● **Material for this task**
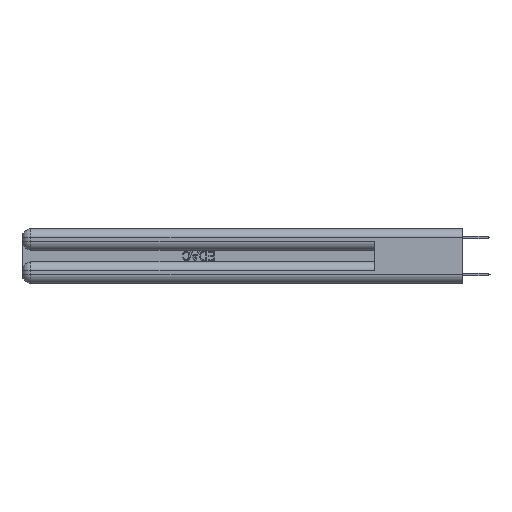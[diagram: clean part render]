
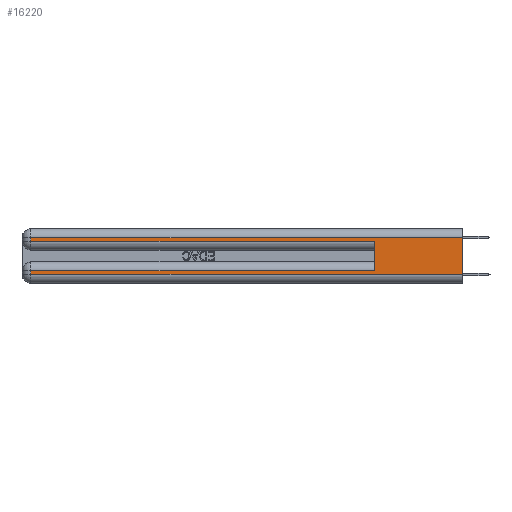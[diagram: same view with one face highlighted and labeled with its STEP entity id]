
A CAD part, left-side view. The second image highlights one B-rep face of the part: STEP entity #16220.
In plain terms, the highlighted planar face has unit normal (-1, 0, 0).
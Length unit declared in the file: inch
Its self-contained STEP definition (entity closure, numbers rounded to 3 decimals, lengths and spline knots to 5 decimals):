
#459 = DIRECTION ( 'NONE',  ( 0., 0., -1. ) ) ;
#1468 = VERTEX_POINT ( 'NONE', #12720 ) ;
#2828 = LINE ( 'NONE', #28758, #24143 ) ;
#3811 = DIRECTION ( 'NONE',  ( 1., 0., 0. ) ) ;
#4344 = VERTEX_POINT ( 'NONE', #29929 ) ;
#4674 = CARTESIAN_POINT ( 'NONE',  ( 0., 2.94, 0.06 ) ) ;
#4733 = LINE ( 'NONE', #17560, #10792 ) ;
#4936 = CARTESIAN_POINT ( 'NONE',  ( 0., 0.6, 0.085 ) ) ;
#5175 = DIRECTION ( 'NONE',  ( 0., 0., -1. ) ) ;
#5972 = CARTESIAN_POINT ( 'NONE',  ( 0., 2.94, 0.37 ) ) ;
#6208 = CARTESIAN_POINT ( 'NONE',  ( 0., 0., 0.31 ) ) ;
#6512 = CARTESIAN_POINT ( 'NONE',  ( 0., 0., 0.285 ) ) ;
#7044 = FACE_OUTER_BOUND ( 'NONE', #24102, .T. ) ;
#7160 = VERTEX_POINT ( 'NONE', #22924 ) ;
#7297 = EDGE_CURVE ( 'NONE', #1468, #7160, #14316, .T. ) ;
#7550 = CARTESIAN_POINT ( 'NONE',  ( 0., 0., 0.37 ) ) ;
#7618 = LINE ( 'NONE', #11997, #22500 ) ;
#7886 = CARTESIAN_POINT ( 'NONE',  ( 0., 2.94, 0.37 ) ) ;
#8194 = ORIENTED_EDGE ( 'NONE', *, *, #31365, .T. ) ;
#8567 = VECTOR ( 'NONE', #5175, 39.37008 ) ;
#9970 = DIRECTION ( 'NONE',  ( 0., -1., 0. ) ) ;
#10196 = VECTOR ( 'NONE', #24170, 39.37008 ) ;
#10792 = VECTOR ( 'NONE', #9970, 39.37008 ) ;
#11612 = VERTEX_POINT ( 'NONE', #4936 ) ;
#11997 = CARTESIAN_POINT ( 'NONE',  ( 0., 0., 0.085 ) ) ;
#12086 = ORIENTED_EDGE ( 'NONE', *, *, #28776, .T. ) ;
#12168 = LINE ( 'NONE', #6208, #10196 ) ;
#12250 = VERTEX_POINT ( 'NONE', #31474 ) ;
#12720 = CARTESIAN_POINT ( 'NONE',  ( 0., 2.94, 0.285 ) ) ;
#13358 = DIRECTION ( 'NONE',  ( 0., 0., 1. ) ) ;
#13673 = VERTEX_POINT ( 'NONE', #4674 ) ;
#14316 = LINE ( 'NONE', #6512, #23558 ) ;
#16220 = ADVANCED_FACE ( 'NONE', ( #7044 ), #32553, .F. ) ;
#16984 = LINE ( 'NONE', #5972, #23016 ) ;
#17560 = CARTESIAN_POINT ( 'NONE',  ( 0., 0., 0.06 ) ) ;
#19137 = AXIS2_PLACEMENT_3D ( 'NONE', #19195, #3811, #21781 ) ;
#19195 = CARTESIAN_POINT ( 'NONE',  ( 0., 0., 0.37 ) ) ;
#20887 = ORIENTED_EDGE ( 'NONE', *, *, #25922, .T. ) ;
#21155 = EDGE_CURVE ( 'NONE', #22196, #12250, #24357, .T. ) ;
#21781 = DIRECTION ( 'NONE',  ( 0., 0., -1. ) ) ;
#21877 = DIRECTION ( 'NONE',  ( 0., 1., 0. ) ) ;
#22196 = VERTEX_POINT ( 'NONE', #32630 ) ;
#22500 = VECTOR ( 'NONE', #21877, 39.37008 ) ;
#22810 = DIRECTION ( 'NONE',  ( 0., 0., -1. ) ) ;
#22920 = EDGE_CURVE ( 'NONE', #31176, #1468, #29437, .T. ) ;
#22924 = CARTESIAN_POINT ( 'NONE',  ( 0., 0.6, 0.285 ) ) ;
#23016 = VECTOR ( 'NONE', #459, 39.37008 ) ;
#23558 = VECTOR ( 'NONE', #32011, 39.37008 ) ;
#23716 = ORIENTED_EDGE ( 'NONE', *, *, #7297, .T. ) ;
#24102 = EDGE_LOOP ( 'NONE', ( #25099, #28231, #26624, #23716, #24475, #20887, #8194, #12086 ) ) ;
#24143 = VECTOR ( 'NONE', #13358, 39.37008 ) ;
#24170 = DIRECTION ( 'NONE',  ( 0., 1., 0. ) ) ;
#24357 = LINE ( 'NONE', #7550, #31164 ) ;
#24475 = ORIENTED_EDGE ( 'NONE', *, *, #25025, .F. ) ;
#25025 = EDGE_CURVE ( 'NONE', #11612, #7160, #2828, .T. ) ;
#25099 = ORIENTED_EDGE ( 'NONE', *, *, #21155, .F. ) ;
#25922 = EDGE_CURVE ( 'NONE', #11612, #4344, #7618, .T. ) ;
#26624 = ORIENTED_EDGE ( 'NONE', *, *, #22920, .T. ) ;
#28231 = ORIENTED_EDGE ( 'NONE', *, *, #31521, .T. ) ;
#28453 = CARTESIAN_POINT ( 'NONE',  ( 0., 2.94, 0.31 ) ) ;
#28758 = CARTESIAN_POINT ( 'NONE',  ( 0., 0.6, 0.145 ) ) ;
#28776 = EDGE_CURVE ( 'NONE', #13673, #12250, #4733, .T. ) ;
#29437 = LINE ( 'NONE', #7886, #8567 ) ;
#29929 = CARTESIAN_POINT ( 'NONE',  ( 0., 2.94, 0.085 ) ) ;
#31164 = VECTOR ( 'NONE', #22810, 39.37008 ) ;
#31176 = VERTEX_POINT ( 'NONE', #28453 ) ;
#31365 = EDGE_CURVE ( 'NONE', #4344, #13673, #16984, .T. ) ;
#31474 = CARTESIAN_POINT ( 'NONE',  ( 0., 0., 0.06 ) ) ;
#31521 = EDGE_CURVE ( 'NONE', #22196, #31176, #12168, .T. ) ;
#32011 = DIRECTION ( 'NONE',  ( 0., -1., 0. ) ) ;
#32553 = PLANE ( 'NONE',  #19137 ) ;
#32630 = CARTESIAN_POINT ( 'NONE',  ( 0., 0., 0.31 ) ) ;

● **Task statement**
Reproduce the lines of the entries above from the one with "#8194 = ORIENTED_EDGE" to the one with "#21155 = EDGE_CURVE", both included, exactly and without any other line.

● **Result**
#8194 = ORIENTED_EDGE ( 'NONE', *, *, #31365, .T. ) ;
#8567 = VECTOR ( 'NONE', #5175, 39.37008 ) ;
#9970 = DIRECTION ( 'NONE',  ( 0., -1., 0. ) ) ;
#10196 = VECTOR ( 'NONE', #24170, 39.37008 ) ;
#10792 = VECTOR ( 'NONE', #9970, 39.37008 ) ;
#11612 = VERTEX_POINT ( 'NONE', #4936 ) ;
#11997 = CARTESIAN_POINT ( 'NONE',  ( 0., 0., 0.085 ) ) ;
#12086 = ORIENTED_EDGE ( 'NONE', *, *, #28776, .T. ) ;
#12168 = LINE ( 'NONE', #6208, #10196 ) ;
#12250 = VERTEX_POINT ( 'NONE', #31474 ) ;
#12720 = CARTESIAN_POINT ( 'NONE',  ( 0., 2.94, 0.285 ) ) ;
#13358 = DIRECTION ( 'NONE',  ( 0., 0., 1. ) ) ;
#13673 = VERTEX_POINT ( 'NONE', #4674 ) ;
#14316 = LINE ( 'NONE', #6512, #23558 ) ;
#16220 = ADVANCED_FACE ( 'NONE', ( #7044 ), #32553, .F. ) ;
#16984 = LINE ( 'NONE', #5972, #23016 ) ;
#17560 = CARTESIAN_POINT ( 'NONE',  ( 0., 0., 0.06 ) ) ;
#19137 = AXIS2_PLACEMENT_3D ( 'NONE', #19195, #3811, #21781 ) ;
#19195 = CARTESIAN_POINT ( 'NONE',  ( 0., 0., 0.37 ) ) ;
#20887 = ORIENTED_EDGE ( 'NONE', *, *, #25922, .T. ) ;
#21155 = EDGE_CURVE ( 'NONE', #22196, #12250, #24357, .T. ) ;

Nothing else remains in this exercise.